Изменить стиль страницы

ДЭВИД ГЕММЕЛ

МАКЕДОНСКИЙ ЛЕВ

ПОСВЯЩЕНИЕ

История Македонского Льва родилась на греческом острове, в тени разрушенного акрополя, под стенами крепости, построенной рыцарями-крестоносцами. Первые идеи появились в гавани, которая, по преданию, укрыла св. Павла во время его путешествия в Рим. Линдос, гавань на острове Родос, — это место, преисполненное молчаливой красоты и великого очарования, а населяющий эту землю народ отражает ее лучшие качества.

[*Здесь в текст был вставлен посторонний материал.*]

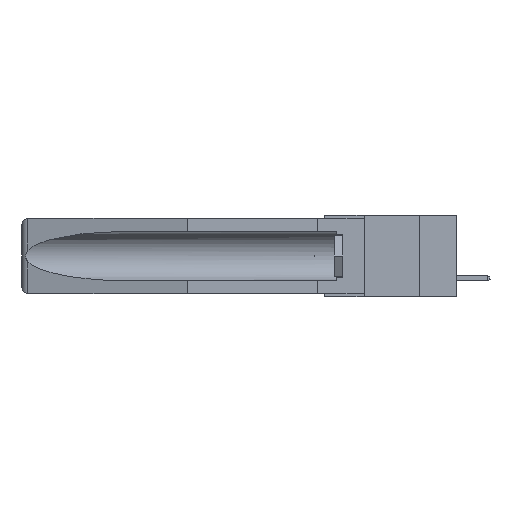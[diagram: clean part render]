
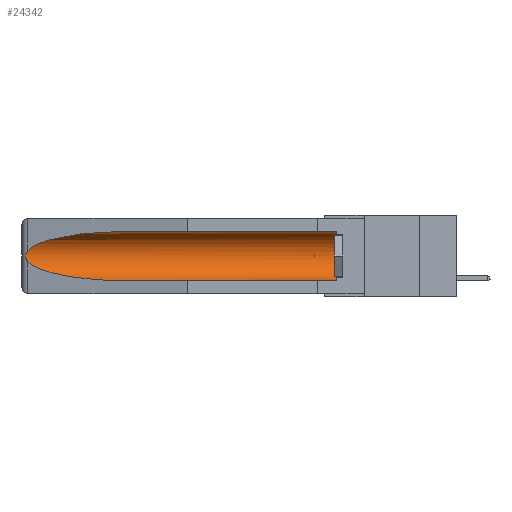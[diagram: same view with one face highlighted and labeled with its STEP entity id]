
A CAD part, left-side view. The second image highlights one B-rep face of the part: STEP entity #24342.
In plain terms, the highlighted cylindrical face has radius 2.857 mm (diameter 5.715 mm), a partial arc.
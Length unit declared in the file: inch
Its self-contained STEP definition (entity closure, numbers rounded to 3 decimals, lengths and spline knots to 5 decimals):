
#293 = ORIENTED_EDGE ( 'NONE', *, *, #2082, .T. ) ;
#312 = CARTESIAN_POINT ( 'NONE',  ( 0.26537, 1.52718, -0.14972 ) ) ;
#325 = CIRCLE ( 'NONE', #12691, 0.1125 ) ;
#1173 = CARTESIAN_POINT ( 'NONE',  ( 0.155, 0.126, -0.1715 ) ) ;
#1452 = CARTESIAN_POINT ( 'NONE',  ( 0.21114, 1.30732, -0.059 ) ) ;
#2082 = EDGE_CURVE ( 'NONE', #31615, #20532, #33611, .T. ) ;
#2092 = CARTESIAN_POINT ( 'NONE',  ( 0.26537, 1.52718, -0.19328 ) ) ;
#2431 =( BOUNDED_CURVE ( )  B_SPLINE_CURVE ( 3, ( #2092, #6880, #25185, #4919 ),
 .UNSPECIFIED., .F., .F. ) 
 B_SPLINE_CURVE_WITH_KNOTS ( ( 4, 4 ),
 ( 0.1948, 1.5708 ),
 .UNSPECIFIED. ) 
 CURVE ( )  GEOMETRIC_REPRESENTATION_ITEM ( )  RATIONAL_B_SPLINE_CURVE ( ( 1., 0.848, 0.848, 1. ) ) 
 REPRESENTATION_ITEM ( '' )  );
#3347 = EDGE_CURVE ( 'NONE', #20532, #28212, #2431, .T. ) ;
#3688 = ORIENTED_EDGE ( 'NONE', *, *, #17358, .T. ) ;
#3778 = DIRECTION ( 'NONE',  ( 0., 0., 1. ) ) ;
#3791 = CARTESIAN_POINT ( 'NONE',  ( 0.155, 1.07973, -0.284 ) ) ;
#4919 = CARTESIAN_POINT ( 'NONE',  ( 0.155, 1.07973, -0.284 ) ) ;
#5928 = LINE ( 'NONE', #21891, #30470 ) ;
#5958 = ORIENTED_EDGE ( 'NONE', *, *, #19130, .T. ) ;
#6880 = CARTESIAN_POINT ( 'NONE',  ( 0.25451, 1.48313, -0.24835 ) ) ;
#7834 = CARTESIAN_POINT ( 'NONE',  ( 0.155, 0.126, -0.059 ) ) ;
#8453 = VERTEX_POINT ( 'NONE', #7834 ) ;
#8818 = DIRECTION ( 'NONE',  ( 0., -1., 0. ) ) ;
#9319 = CARTESIAN_POINT ( 'NONE',  ( 0.26537, 1.52718, -0.14972 ) ) ;
#9405 = AXIS2_PLACEMENT_3D ( 'NONE', #9784, #12399, #30708 ) ;
#9654 = CARTESIAN_POINT ( 'NONE',  ( 0.26597, 1.5296, -0.19026 ) ) ;
#9784 = CARTESIAN_POINT ( 'NONE',  ( 0.155, -0.30754, -0.1715 ) ) ;
#10966 = ORIENTED_EDGE ( 'NONE', *, *, #3347, .T. ) ;
#12399 = DIRECTION ( 'NONE',  ( 0., 1., 0. ) ) ;
#12414 = VERTEX_POINT ( 'NONE', #21210 ) ;
#12691 = AXIS2_PLACEMENT_3D ( 'NONE', #1173, #8818, #3778 ) ;
#14560 = CARTESIAN_POINT ( 'NONE',  ( 0.155, 0.126, -0.284 ) ) ;
#14746 = CARTESIAN_POINT ( 'NONE',  ( 0.2673, 1.53269, -0.17917 ) ) ;
#15025 = VERTEX_POINT ( 'NONE', #14560 ) ;
#17015 = CARTESIAN_POINT ( 'NONE',  ( 0.26537, 1.52718, -0.14972 ) ) ;
#17358 = EDGE_CURVE ( 'NONE', #12414, #31615, #20616, .T. ) ;
#17826 = ORIENTED_EDGE ( 'NONE', *, *, #24881, .T. ) ;
#17888 = CYLINDRICAL_SURFACE ( 'NONE', #9405, 0.1125 ) ;
#19130 = EDGE_CURVE ( 'NONE', #8453, #12414, #24922, .T. ) ;
#20532 = VERTEX_POINT ( 'NONE', #30167 ) ;
#20616 =( BOUNDED_CURVE ( )  B_SPLINE_CURVE ( 3, ( #22227, #1452, #24984, #9319 ),
 .UNSPECIFIED., .F., .F. ) 
 B_SPLINE_CURVE_WITH_KNOTS ( ( 4, 4 ),
 ( 4.71239, 6.08839 ),
 .UNSPECIFIED. ) 
 CURVE ( )  GEOMETRIC_REPRESENTATION_ITEM ( )  RATIONAL_B_SPLINE_CURVE ( ( 1., 0.848, 0.848, 1. ) ) 
 REPRESENTATION_ITEM ( '' )  );
#21210 = CARTESIAN_POINT ( 'NONE',  ( 0.155, 1.07973, -0.059 ) ) ;
#21891 = CARTESIAN_POINT ( 'NONE',  ( 0.155, -0.30754, -0.284 ) ) ;
#22178 = EDGE_CURVE ( 'NONE', #15025, #28212, #5928, .T. ) ;
#22227 = CARTESIAN_POINT ( 'NONE',  ( 0.155, 1.07973, -0.059 ) ) ;
#22351 = CARTESIAN_POINT ( 'NONE',  ( 0.26537, 1.52718, -0.19328 ) ) ;
#23872 = CARTESIAN_POINT ( 'NONE',  ( 0.155, -0.30754, -0.059 ) ) ;
#24342 = ADVANCED_FACE ( 'NONE', ( #25308 ), #17888, .F. ) ;
#24881 = EDGE_CURVE ( 'NONE', #15025, #8453, #325, .T. ) ;
#24922 = LINE ( 'NONE', #23872, #31059 ) ;
#24984 = CARTESIAN_POINT ( 'NONE',  ( 0.25451, 1.48313, -0.09465 ) ) ;
#25185 = CARTESIAN_POINT ( 'NONE',  ( 0.21114, 1.30732, -0.284 ) ) ;
#25308 = FACE_OUTER_BOUND ( 'NONE', #33768, .T. ) ;
#25328 = CARTESIAN_POINT ( 'NONE',  ( 0.26654, 1.53092, -0.15636 ) ) ;
#27502 = ORIENTED_EDGE ( 'NONE', *, *, #22178, .F. ) ;
#27505 = DIRECTION ( 'NONE',  ( 0., 1., 0. ) ) ;
#27622 = CARTESIAN_POINT ( 'NONE',  ( 0.2675, 1.53308, -0.17534 ) ) ;
#28212 = VERTEX_POINT ( 'NONE', #3791 ) ;
#30167 = CARTESIAN_POINT ( 'NONE',  ( 0.26537, 1.52718, -0.19328 ) ) ;
#30229 = CARTESIAN_POINT ( 'NONE',  ( 0.26655, 1.53094, -0.18657 ) ) ;
#30457 = CARTESIAN_POINT ( 'NONE',  ( 0.2675, 1.53308, -0.16763 ) ) ;
#30470 = VECTOR ( 'NONE', #27505, 39.37008 ) ;
#30708 = DIRECTION ( 'NONE',  ( 0., 0., 1. ) ) ;
#31059 = VECTOR ( 'NONE', #31842, 39.37008 ) ;
#31615 = VERTEX_POINT ( 'NONE', #312 ) ;
#31842 = DIRECTION ( 'NONE',  ( 0., 1., 0. ) ) ;
#32707 = CARTESIAN_POINT ( 'NONE',  ( 0.26597, 1.52961, -0.15275 ) ) ;
#33052 = CARTESIAN_POINT ( 'NONE',  ( 0.2673, 1.5327, -0.16383 ) ) ;
#33611 = B_SPLINE_CURVE_WITH_KNOTS ( 'NONE', 3,
 ( #17015, #32707, #25328, #33052, #30457, #27622, #14746, #30229, #9654, #22351 ),
 .UNSPECIFIED., .F., .F.,
 ( 4, 2, 2, 2, 4 ),
 ( 0., 0.00029, 0.00058, 0.00087, 0.00117 ),
 .UNSPECIFIED. ) ;
#33768 = EDGE_LOOP ( 'NONE', ( #3688, #293, #10966, #27502, #17826, #5958 ) ) ;

Книга эта с самыми теплыми чувствами посвящается людям, которые наполнили волшебством мое путешествие в Линдос: Василису и Цамбике из бара Флоры, «Цыганке» и «Джэксу», Кейт и Алексу.

А также Брайану Гортону и его милой жене, Кэт, подарившим мне «Глаза».

Мои благодарности редактору Лайзе Ривз, издателю Джине Маунд, а также первым читателям Вэл Геммел, Эдит Грэм, Тому Тэйлору и «юному Пингвину Джиму», которые заставляли меня переписывать снова и снова. И особая благодарность моему личному поисковику Стэлле Грэм, которая продиралась сквозь множество тяжеленных томов в поисках вдохновения для меня, и Полу Хендерсону, который проверял рукопись на предмет исторической достоверности.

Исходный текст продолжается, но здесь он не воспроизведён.